To mitigate the permutation invariance of the Transformer, VATN incorporates explicit position information:

For each feature cell $(x, y, t)$, the system computes normalized coordinates:

$$p_{xy} = \left(\frac{x}{H'} - \frac{1}{2}, \frac{y}{W'} - \frac{1}{2}\right),\quad q_t = \frac{t-(T'/2)}{T'}$$

Spatial and temporal positions are separately embedded via 2-layer MLPs:

$$\ell^{\sf spatial}(p_{xy}) \in \mathbb{R}^{d_p},\qquad \ell^{\sf temporal}(q_t)\in\mathbb{R}^{d_t}$$

The concatenated positional embedding $L_{x,y,t}$ is appended to each feature cell, giving:

$$F_{x,y,t} \leftarrow [F_{x,y,t}; L_{x,y,t}]\in\mathbb{R}^{D_{trunk}+d_p+d_t}$$

Keys and values for the Transformer are derived via linear projection from this augmented feature map, and queries inherit spatial cues accordingly.

5. Loss Formulation

VATN uses the following multi-task loss for each proposal $r$:

• Multi-label Classification:

$$\mathcal{L}_{\rm cls} = -\sum_{c=1}^{C} \left[ y_c \log \sigma(s_c) + (1-y_c)\log (1-\sigma(s_c)) \right]$$

where $s_c$ are logits, $y_c\in\{0,1\}$, and $\sigma$ is sigmoid.

• Bounding-Box Regression:

$$\mathcal{L}_{\rm reg} = \sum_{i\in\{x,y,w,h\}} \text{Smooth}_{L_1}(t_i-t^*_i)$$

Only positive proposals contribute to regression loss.

• Combined Loss:

$$\mathcal{L} = \frac{1}{N} \sum_{r=1}^{N} [\mathcal{L}_{\rm cls}^{(r)} + \lambda \mathcal{L}_{\rm reg}^{(r)} ]$$

with $\lambda=1$ in practice.

6. Training Procedures and Hyperparameters

• Initialization: I3D trunk pre-trained on Kinetics-400; all new layers initialized randomly. BatchNorm in I3D is frozen.
• Data Augmentation: Random horizontal flip and spatial crop to $400\times400$ to counteract overfitting.
• Optimization: Synchronized SGD over 10 GPUs (effective batch size 30), initial learning rate 0.01 (warmup to 0.1, then cosine annealing over 500k iterations). Some experiments use shorter schedules (300k) with ground-truth boxes.
• Transformer Configuration: $D=128$, dropout rate 0.3, typically 2 heads $\times$ 3 layers.
• Proposals: $R=300$ (full-scale), $R=64$ for ablation.

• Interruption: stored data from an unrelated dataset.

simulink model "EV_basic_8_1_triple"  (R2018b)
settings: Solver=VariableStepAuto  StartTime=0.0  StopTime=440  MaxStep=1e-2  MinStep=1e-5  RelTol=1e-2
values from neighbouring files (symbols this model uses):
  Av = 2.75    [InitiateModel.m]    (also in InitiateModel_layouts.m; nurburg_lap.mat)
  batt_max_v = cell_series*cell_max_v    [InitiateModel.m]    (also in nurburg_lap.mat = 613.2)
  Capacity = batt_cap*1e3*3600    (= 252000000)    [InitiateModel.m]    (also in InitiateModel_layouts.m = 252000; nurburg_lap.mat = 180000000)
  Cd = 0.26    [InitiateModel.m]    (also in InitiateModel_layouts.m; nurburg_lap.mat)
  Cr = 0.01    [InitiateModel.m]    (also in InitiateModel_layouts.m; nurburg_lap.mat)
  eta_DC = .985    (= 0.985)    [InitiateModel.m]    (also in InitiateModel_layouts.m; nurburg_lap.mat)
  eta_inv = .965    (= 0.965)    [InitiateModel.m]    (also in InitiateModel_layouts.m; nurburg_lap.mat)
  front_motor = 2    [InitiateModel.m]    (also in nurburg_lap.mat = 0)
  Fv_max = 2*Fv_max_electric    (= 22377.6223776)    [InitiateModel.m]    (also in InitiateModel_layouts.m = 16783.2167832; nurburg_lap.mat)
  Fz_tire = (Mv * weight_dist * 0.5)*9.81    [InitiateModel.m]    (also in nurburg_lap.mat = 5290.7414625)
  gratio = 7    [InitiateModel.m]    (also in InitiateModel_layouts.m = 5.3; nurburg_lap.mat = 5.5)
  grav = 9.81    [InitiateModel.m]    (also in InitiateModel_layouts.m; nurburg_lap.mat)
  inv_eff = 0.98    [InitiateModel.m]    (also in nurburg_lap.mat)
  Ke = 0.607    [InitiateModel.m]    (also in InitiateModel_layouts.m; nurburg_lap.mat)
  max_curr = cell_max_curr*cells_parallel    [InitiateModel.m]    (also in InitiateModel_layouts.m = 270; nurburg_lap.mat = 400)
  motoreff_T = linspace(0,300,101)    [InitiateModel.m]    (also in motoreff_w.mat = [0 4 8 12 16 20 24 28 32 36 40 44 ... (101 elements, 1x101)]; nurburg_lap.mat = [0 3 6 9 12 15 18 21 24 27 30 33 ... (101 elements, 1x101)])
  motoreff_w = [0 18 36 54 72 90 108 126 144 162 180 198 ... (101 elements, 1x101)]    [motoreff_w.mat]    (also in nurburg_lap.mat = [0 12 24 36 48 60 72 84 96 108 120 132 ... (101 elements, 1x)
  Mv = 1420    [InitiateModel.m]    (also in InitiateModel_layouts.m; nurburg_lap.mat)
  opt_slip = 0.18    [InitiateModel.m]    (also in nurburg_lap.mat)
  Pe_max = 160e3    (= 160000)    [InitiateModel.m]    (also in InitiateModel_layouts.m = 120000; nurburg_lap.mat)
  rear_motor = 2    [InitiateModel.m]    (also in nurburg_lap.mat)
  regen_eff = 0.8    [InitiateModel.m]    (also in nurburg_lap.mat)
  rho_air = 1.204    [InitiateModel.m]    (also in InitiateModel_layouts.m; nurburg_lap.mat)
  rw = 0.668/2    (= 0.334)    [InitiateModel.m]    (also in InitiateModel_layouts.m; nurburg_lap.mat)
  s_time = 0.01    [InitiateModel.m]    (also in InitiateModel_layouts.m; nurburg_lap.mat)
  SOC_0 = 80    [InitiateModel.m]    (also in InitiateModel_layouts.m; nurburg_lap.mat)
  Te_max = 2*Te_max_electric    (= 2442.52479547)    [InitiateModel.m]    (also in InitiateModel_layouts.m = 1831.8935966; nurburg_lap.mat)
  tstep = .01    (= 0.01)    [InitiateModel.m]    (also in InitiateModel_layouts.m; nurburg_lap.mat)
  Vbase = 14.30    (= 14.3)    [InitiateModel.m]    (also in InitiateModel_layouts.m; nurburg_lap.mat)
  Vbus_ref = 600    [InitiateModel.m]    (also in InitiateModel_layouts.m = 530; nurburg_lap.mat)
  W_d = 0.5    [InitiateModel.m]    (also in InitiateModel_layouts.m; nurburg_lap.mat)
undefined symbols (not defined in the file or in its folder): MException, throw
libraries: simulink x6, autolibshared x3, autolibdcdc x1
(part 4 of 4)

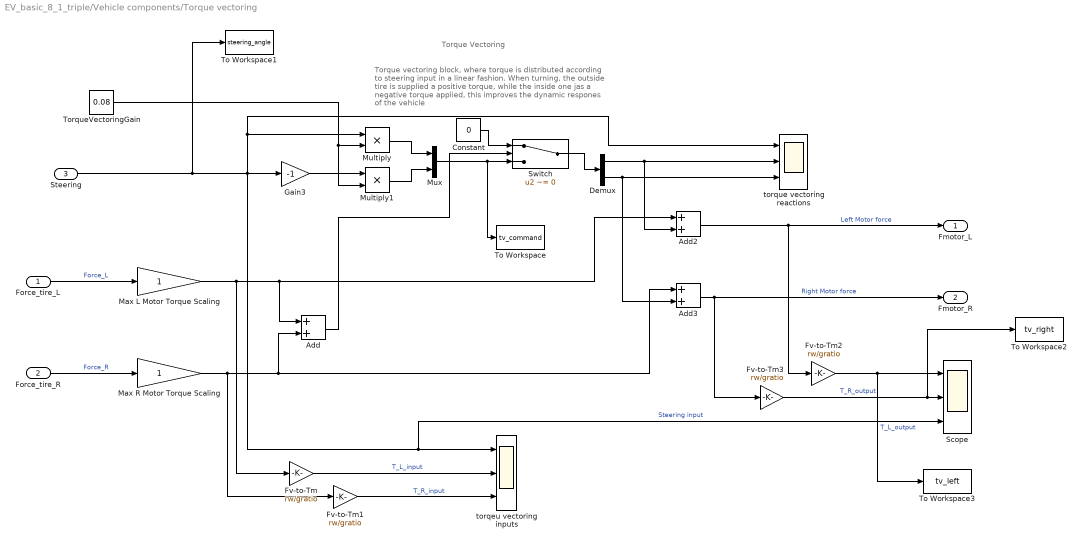
== system EV_basic_8_1_triple/Vehicle components/Torque vectoring ==
  note: Torque vectoring block, where torque is distributed according to steering input in a linear fashion.
      | When turning, the outside tire is supplied a positive torque, while the inside one jas a negative torque applied, this improves the dynamic respones of the vehicle
  note: Torque Vectoring
  Force_tire_L : Inport
  Force_tire_R : Inport  Port=2
  Steering : Inport  Port=3
  Add : Sum
  Add2 : Sum
  Add3 : Sum
  Constant : Constant  Value=0
  Demux : Demux  Outputs=2
  Fv-to-Tm{,1..3} (4 alike) : Gain  Gain=rw/gratio
  Gain3 : Gain  Gain=-1
  Max L Motor Torque Scaling : Gain
  Max R Motor Torque Scaling : Gain
  Multiply : Product  Inputs=**
  Multiply1 : Product  Inputs=**
  Mux : Mux  Inputs=2
  Scope : Scope  NumInputPorts=3
  Switch : Switch  Criteria=u2 ~= 0  Threshold=0.05  ZeroCross=off
  To Workspace : ToWorkspace  VariableName=tv_command  SaveFormat=Structure With Time  SampleTime=-1
  To Workspace1 : ToWorkspace  VariableName=steering_angle  SaveFormat=Structure With Time  SampleTime=-1
  To Workspace2 : ToWorkspace  VariableName=tv_right  SaveFormat=Structure With Time  SampleTime=s_time
  To Workspace3 : ToWorkspace  VariableName=tv_left  SaveFormat=Structure With Time  SampleTime=s_time
  TorqueVectoringGain : Constant  Value=0.08
  torqeu vectoring inputs : Scope  NumInputPorts=3
  torque vectoring reactions : Scope  NumInputPorts=3
  Fmotor_L : Outport
  Fmotor_R : Outport  Port=2
  wires:
  Demux/1 -> Add2/2, torque vectoring reactions/2
  Multiply/1 -> Mux/1
  TorqueVectoringGain/1 -> Multiply1/2, Multiply/2
  Multiply1/1 -> Mux/2
  Add/1 -> Switch/2
  Force_tire_L/1 -> Max L Motor Torque Scaling/1  "Force_L"
  Steering/1 -> To Workspace1/1, Multiply/1, torque vectoring reactions/1, Scope/3, torqeu vectoring inputs/1, Gain3/1  "Steering input"
  Add2/1 -> Fv-to-Tm2/1, Fmotor_L/1  "Left Motor force"
  Gain3/1 -> Multiply1/1
  Max L Motor Torque Scaling/1 -> Fv-to-Tm/1, Add/1, Add2/1
  Constant/1 -> Switch/1
  Switch/1 -> Demux/1
  Mux/1 -> To Workspace/1, Switch/3
  Add3/1 -> Fv-to-Tm3/1, Fmotor_R/1  "Right Motor force"
  Max R Motor Torque Scaling/1 -> Fv-to-Tm1/1, Add/2, Add3/1
  Force_tire_R/1 -> Max R Motor Torque Scaling/1  "Force_R"
  Fv-to-Tm1/1 -> torqeu vectoring inputs/3  "T_R_input"
  Fv-to-Tm/1 -> torqeu vectoring inputs/2  "T_L_input"
  Demux/2 -> torque vectoring reactions/3, Add3/2
  Fv-to-Tm2/1 -> To Workspace3/1, Scope/1  "T_L_output"
  Fv-to-Tm3/1 -> To Workspace2/1, Scope/2  "T_R_output"

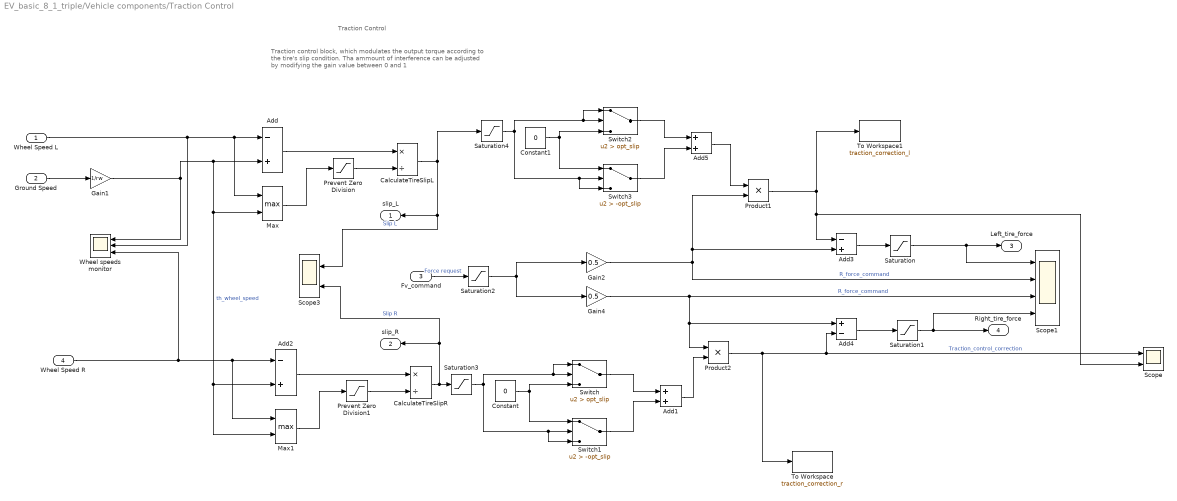
== system EV_basic_8_1_triple/Vehicle components/Traction Control ==
  note: Traction control block, which modulates the output torque according to the tire's slip condition. Tha ammount of interference can be adjusted by modifying the gain value between 0 and 1
  note: Traction Control
  Wheel Speed L : Inport
  Ground Speed : Inport  Port=2
  Fv_command : Inport  Port=3
  Wheel Speed R : Inport  Port=4
  Add : Sum  Inputs=-+
  Add1 : Sum
  Add2 : Sum  Inputs=-+
  Add3 : Sum  Inputs=-+
  Add4 : Sum  Inputs=+-
  Add5 : Sum
  CalculateTireSlipL : Product  Inputs=*/
  CalculateTireSlipR : Product  Inputs=*/
  Constant : Constant  Value=0
  Constant1 : Constant  Value=0
  Gain1 : Gain  Gain=1/rw
  Gain2 : Gain  Gain=0.5
  Gain4 : Gain  Gain=0.5
  Max : MinMax  Function=max  Inputs=2
  Max1 : MinMax  Function=max  Inputs=2
  Prevent Zero Division : Saturate  UpperLimit=1000  LowerLimit=0.0001
  Prevent Zero Division1 : Saturate  UpperLimit=1000  LowerLimit=0.0001
  Product1 : Product
  Product2 : Product
  Saturation : Saturate  UpperLimit=Te_max*(0.5*front_motor+0.5*rear_motor)*(gratio/rw)*0.5  LowerLimit=-Te_max*(0.5*front_motor+0.5*rear_motor)*(gratio/rw)*0.5
  Saturation1 : Saturate  UpperLimit=Te_max*(0.5*front_motor+0.5*rear_motor)*(gratio/rw)*0.5  LowerLimit=-Te_max*(0.5*front_motor+0.5*rear_motor)*(gratio/rw)*0.5
  Saturation2 : Saturate  UpperLimit=Te_max*(0.5*front_motor+0.5*rear_motor)*(gratio/rw)  LowerLimit=-Te_max*(0.5*front_motor+0.5*rear_motor)*(gratio/rw)
  Saturation3 : Saturate  UpperLimit=0.8  LowerLimit=-0.8
  Saturation4 : Saturate  UpperLimit=0.8  LowerLimit=-0.8
  Scope : Scope  NumInputPorts=2
  Scope1 : Scope  NumInputPorts=4
  Scope3 : Scope  NumInputPorts=2
  Switch : Switch  Criteria=u2 > Threshold  Threshold=opt_slip  ZeroCross=off
  Switch1 : Switch  Criteria=u2 > Threshold  Threshold=-opt_slip  ZeroCross=off
  Switch2 : Switch  Criteria=u2 > Threshold  Threshold=opt_slip  ZeroCross=off
  Switch3 : Switch  Criteria=u2 > Threshold  Threshold=-opt_slip  ZeroCross=off
  To Workspace : ToWorkspace  VariableName=traction_correction_r  SaveFormat=Structure With Time  SampleTime=s_time
  To Workspace1 : ToWorkspace  VariableName=traction_correction_l  SaveFormat=Structure With Time  SampleTime=s_time
  Wheel speeds monitor : Scope  NumInputPorts=3
  slip_L : Outport
  slip_R : Outport  Port=2
  Left_tire_force : Outport  Port=3
  Right_tire_force : Outport  Port=4
  wires:
  Prevent Zero Division/1 -> CalculateTireSlipL/2
  Max/1 -> Prevent Zero Division/1
  Wheel Speed L/1 -> Wheel speeds monitor/2, Max/1, Add/1
  Add/1 -> CalculateTireSlipL/1
  Wheel Speed R/1 -> Wheel speeds monitor/3, Max1/1, Add2/1
  Max1/1 -> Prevent Zero Division1/1
  Prevent Zero Division1/1 -> CalculateTireSlipR/2
  Ground Speed/1 -> Gain1/1
  Add2/1 -> CalculateTireSlipR/1
  Gain1/1 -> Max/2, Max1/2, Add2/2, Add/2, Wheel speeds monitor/1  "th_wheel_speed"
  Gain4/1 -> Product2/1, Add4/1, Scope1/3  "R_force_command"
  Fv_command/1 -> Saturation2/1  "Force request"
  Gain2/1 -> Add3/2, Product1/2, Scope1/2  "R_force_command"
  Saturation/1 -> Scope1/1, Left_tire_force/1
  Saturation1/1 -> Right_tire_force/1, Scope1/4
  Add3/1 -> Saturation/1
  Product2/1 -> To Workspace/1, Scope/1, Add4/2  "Traction_control_correction"
  CalculateTireSlipR/1 -> Scope3/2, slip_R/1, Saturation3/1  "Slip R"
  Add4/1 -> Saturation1/1
  Saturation2/1 -> Gain2/1, Gain4/1
  CalculateTireSlipL/1 -> Saturation4/1, Scope3/1, slip_L/1  "Slip L"
  Product1/1 -> To Workspace1/1, Scope/2, Add3/1
  Constant/1 -> Switch1/1, Switch/3
  Switch1/1 -> Add1/2
  Switch/1 -> Add1/1
  Add1/1 -> Product2/2
  Saturation3/1 -> Switch1/3, Switch1/2, Switch/1, Switch/2
  Switch2/1 -> Add5/1
  Saturation4/1 -> Switch3/3, Switch3/2, Switch2/1, Switch2/2
  Switch3/1 -> Add5/2
  Constant1/1 -> Switch3/1, Switch2/3
  Add5/1 -> Product1/1

== system EV_basic_8_1_triple/Vehicle components/Left Drive Inverter: Functional/Inverter Controller ==
  note: Inverter is kept in phase with rotor, and torque command is used
      | to directly set peak currents, which ultimately determine engine torque.
      | Because ideal sensing/control are assumed, no dynamics are considered
  note: Inverter Functional Controller
  Tactual : Inport
  thetar : Inport  Port=2
  Saturation : Saturate  UpperLimit=500  LowerLimit=-500
  Torque [Nm] to Inverter Peak Current [A] : Gain  Gain=1/Ke*2/3
  Ipk : Outport
  thetai : Outport  Port=2
  wires:
  thetar/1 -> thetai/1
  Torque [Nm] to Inverter Peak Current [A]/1 -> Saturation/1
  Tactual/1 -> Torque [Nm] to Inverter Peak Current [A]/1
  Saturation/1 -> Ipk/1

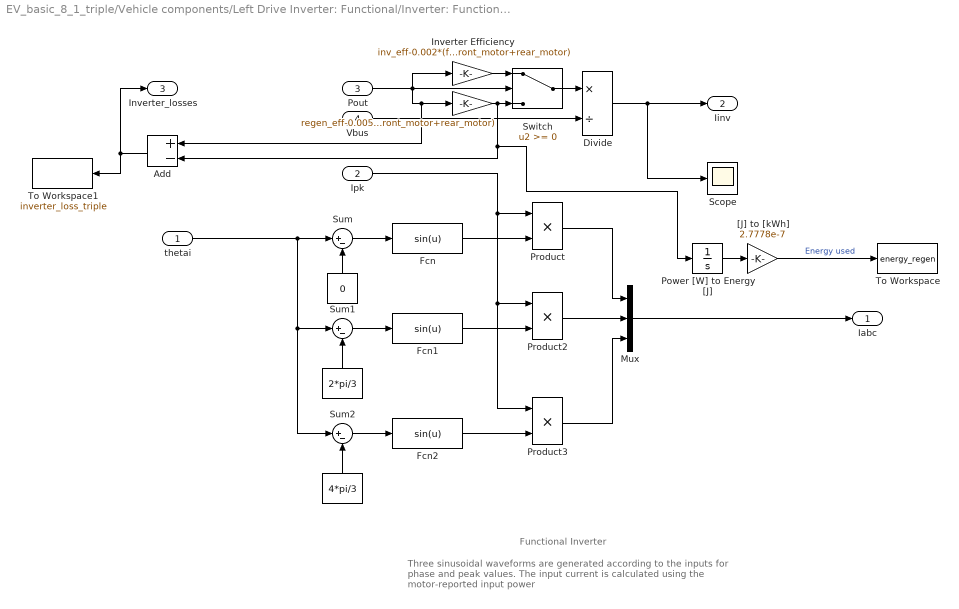
== system EV_basic_8_1_triple/Vehicle components/Left Drive Inverter: Functional/Inverter: Functional ==
  note: Three sinusoidal waveforms are generated according to the inputs
      | for phase and peak values.  The input current is calculated using
      | the motor-reported input power
  note: Functional Inverter
  thetai : Inport
  Ipk : Inport  Port=2
  Pout : Inport  Port=3
  Vbus : Inport  Port=4
  " " : Gain  Gain=regen_eff-0.005*(front_motor+rear_motor)
  " " : Constant  Value=0
  "   " : Constant  Value=2*pi/3
  "    " : Constant  Value=4*pi/3
  " Fcn" : Fcn  Expr=sin(u)
  Add : Sum  Inputs=+-
  Divide : Product  Inputs=*/
  Fcn1 : Fcn  Expr=sin(u)
  Fcn2 : Fcn  Expr=sin(u)
  Inverter Efficiency : Gain  Gain=inv_eff-0.002*(front_motor+rear_motor)
  Mux : Mux  Inputs=3
  Power [W] to Energy [J] : Integrator
  Product : Product  RndMeth=Zero
  Product2 : Product  RndMeth=Zero
  Product3 : Product  RndMeth=Zero
  Scope : Scope
  Sum : Sum  Inputs=|+-
  Sum1 : Sum  Inputs=|+-
  Sum2 : Sum  Inputs=|+-
  Switch : Switch
  To Workspace : ToWorkspace  VariableName=energy_regen  SaveFormat=Structure With Time  SampleTime=s_time
  To Workspace1 : ToWorkspace  VariableName=inverter_loss_triple  SaveFormat=Timeseries  SampleTime=-1
  "[J] to [kWh]" : Gain  Gain=2.7778e-7
  Iabc : Outport
  Iinv : Outport  Port=2
  Inverter_losses : Outport  Port=3
  wires:
  " Fcn"/1 -> Product/2
  Product/1 -> Mux/1
  Ipk/1 -> Product/1, Product2/1, Product3/1
  Sum/1 -> " Fcn"/1
  Fcn1/1 -> Product2/2
  Sum1/1 -> Fcn1/1
  Fcn2/1 -> Product3/2
  Sum2/1 -> Fcn2/1
  Product2/1 -> Mux/2
  Product3/1 -> Mux/3
  " "/1 -> Sum/2
  "   "/1 -> Sum1/2
  "    "/1 -> Sum2/2
  thetai/1 -> Sum/1, Sum1/1, Sum2/1
  Mux/1 -> Iabc/1
  Pout/1 -> Switch/2, Inverter Efficiency/1, Add/1, " "/1
  Vbus/1 -> Divide/2
  Divide/1 -> Scope/1, Iinv/1
  Switch/1 -> Divide/1
  Inverter Efficiency/1 -> Switch/1
  " "/1 -> Add/2, Power [W] to Energy [J]/1, Switch/3
  "[J] to [kWh]"/1 -> To Workspace/1  "Energy used"
  Power [W] to Energy [J]/1 -> "[J] to [kWh]"/1
  Add/1 -> To Workspace1/1, Inverter_losses/1

== system EV_basic_8_1_triple/Vehicle components/Left Drive Inverter: Functional/Motor Limits Model ==
  note: Electric Motor Limits Model
  note: Model enforces power and torque limits of engine
  wr : Inport
  Tmcommand : Inport  Port=2
  Engine Max Power : Saturate  UpperLimit=Pe_max*0.5*(0.5*front_motor+0.5*rear_motor)  LowerLimit=-Pe_max*0.5*(0.5*front_motor+0.5*rear_motor)
  Engine Max Torque : Saturate  UpperLimit=Te_max*1.3  LowerLimit=-Te_max*1.3
  Engine Max Torque1 : Saturate  UpperLimit=Te_max*0.5*(0.5*front_motor+0.5*rear_motor)  LowerLimit=-Te_max*0.5*(0.5*front_motor+0.5*rear_motor)
  Gearing Reduction : Gain  Gain=1/gratio
  Memory : Memory
  P=Tw : Product  RndMeth=Zero
  Scope : Scope  NumInputPorts=2
  Switch : Switch  Criteria=u2 ~= 0
  T=P/w : Product  Inputs=*/
  Torque or Power Limited Operation : simulink/Logic and Bit Operations/Compare To Constant  relop=<  const=Vbase  OutDataTypeStr=uint8  ZeroCross=off
  angular [rad/s]  to Linear [m/s] : Gain  Gain=rw
  Tactual : Outport
  wires:
  P=Tw/1 -> Engine Max Power/1  "Pm"
  Engine Max Power/1 -> T=P/w/1  "Pactual"
  Switch/1 -> Memory/1
  T=P/w/1 -> Engine Max Torque/1
  Torque or Power Limited Operation/1 -> Scope/1, Switch/2
  Memory/1 -> Tactual/1
  angular [rad/s]  to Linear [m/s]/1 -> Gearing Reduction/1
  wr/1 -> P=Tw/2, T=P/w/2, Scope/2, angular [rad/s]  to Linear [m/s]/1  "Rotor Angular Speed"
  Gearing Reduction/1 -> Torque or Power Limited Operation/1
  Engine Max Torque1/1 -> Switch/1
  Engine Max Torque/1 -> Switch/3
  Tmcommand/1 -> Engine Max Torque1/1, P=Tw/1

== system EV_basic_8_1_triple/Vehicle components/PMAC Motor Left: Functional/Ideal Motor Model ==
  note: Electric torque for PMAC is determined according to the three
      | current phases and their relative position to the rotor.
  note: PMAC Ideal Motor Electronic Torque Model
  Ia : Inport
  Ib : Inport  Port=2
  Ic : Inport  Port=3
  pihr : Inport  Port=4
  Add : Sum  Inputs=+++
  Angle between rotor and pole a : Fcn  Expr=sin(u)
  Angle between rotor and pole b : Fcn  Expr=sin(u-2*pi/3)
  Angle between rotor and pole c : Fcn  Expr=sin(u-4*pi/3)
  Product : Product  RndMeth=Zero
  Product1 : Product  RndMeth=Zero
  Product2 : Product  RndMeth=Zero
  Torque Constant : Gain  Gain=Ke
  Tm : Outport
  wires:
  pihr/1 -> Angle between rotor and pole a/1, Angle between rotor and pole b/1, Angle between rotor and pole c/1
  Angle between rotor and pole a/1 -> Product/2
  Ia/1 -> Product/1
  Ib/1 -> Product1/1
  Angle between rotor and pole b/1 -> Product1/2
  Ic/1 -> Product2/1
  Angle between rotor and pole c/1 -> Product2/2
  Add/1 -> Torque Constant/1
  Product/1 -> Add/1
  Product1/1 -> Add/2
  Product2/1 -> Add/3
  Torque Constant/1 -> Tm/1

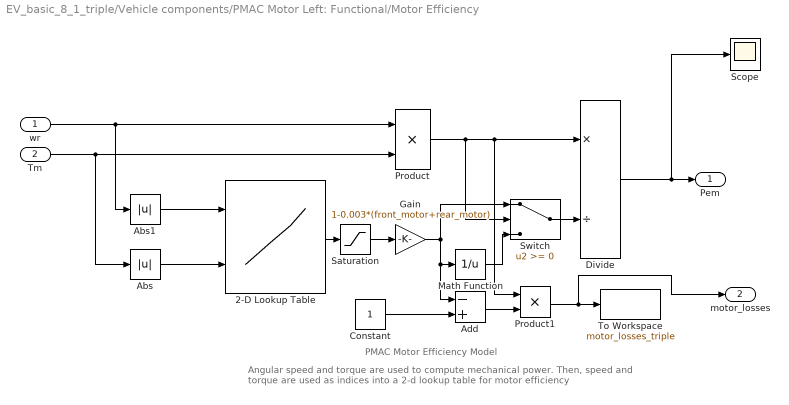
== system EV_basic_8_1_triple/Vehicle components/PMAC Motor Left: Functional/Motor Efficiency ==
  note: PMAC Motor Efficiency Model
  note: Angular speed and torque are used to compute mechanical power.  Then, speed
      | and torque are used as indices into a 2-d lookup table for motor efficiency
  wr : Inport
  Tm : Inport  Port=2
  2-D Lookup Table : Lookup_n-D  BreakpointsForDimension1=motoreff_w  BreakpointsForDimension2=motoreff_T  BeginIndexSearchUsingPreviousIndexResult=on  Table=motoreff'  UseLastTableValue=on  RndMeth=Simplest  InputSameDT=on
  Abs : Abs
  Abs1 : Abs
  Add : Sum  Inputs=-+
  Constant : Constant
  Divide : Product  Inputs=*/
  Gain : Gain  Gain=1-0.003*(front_motor+rear_motor)
  Math Function : Math  Operator=reciprocal  SaturateOnIntegerOverflow=on
  Product : Product  RndMeth=Zero
  Product1 : Product
  Saturation : Saturate  UpperLimit=1  LowerLimit=.3
  Scope : Scope
  Switch : Switch
  To Workspace : ToWorkspace  VariableName=motor_losses_triple  SaveFormat=Structure With Time  SampleTime=s_time
  Pem : Outport
  motor_losses : Outport  Port=2
  wires:
  Divide/1 -> Scope/1, Pem/1
  Abs/1 -> 2-D Lookup Table/2
  Abs1/1 -> 2-D Lookup Table/1
  2-D Lookup Table/1 -> Saturation/1
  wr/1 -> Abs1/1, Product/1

7. Performance and Ablation Results

Quantitative Outcomes on AVA (v2.1)

Head/Setting	Action Classification mAP	Localization mAP (IoU ≥ 0.5)
I3D Head (GT boxes, 64 prop)	23.4	92.9
Transformer LowRes	29.1	77.5
Transformer HighRes	27.6	87.7
I3D Head (RPN, 300 prop)	20.5	—
Transformer HighRes (RPN)	24.4	—
Combined (reg/cls)	24.9	—

Test set performance: VATN achieves 24.93 mAP (test), outperforming prior best ensemble-free RGB+flow results (21.08 mAP) by 3.8 points.

Ablation Studies

• Regression: Switching from class-agnostic to class-specific regression reduces mAP (21.3 → 19.2).
• Data Augmentation: Removing augmentation lowers mAP (21.3 → 16.6).
• Pretraining: Training from scratch (no Kinetics) yields 19.1 mAP (vs. 21.3 with pretraining).
• Depth/Width Trade-off (GT boxes): Best results are with 6 layers × 2 heads (29.1 mAP).

Emergent Tracking and Context

Without explicit supervision, the action transformer head learns to:

• Track individuals over frames by clustering body pixel attentions.
• Distinguish between nearby people as instance-specific keys emerge.
• Emphasize hands, faces, and manipulated objects in its attention, supporting fine-grained action classification.

These properties emerge from repeated attention of each query over the full spatiotemporal feature volume, combined with only final action classification supervision; tracking and body-part segmentation are not directly supervised (Girdhar et al., 2018).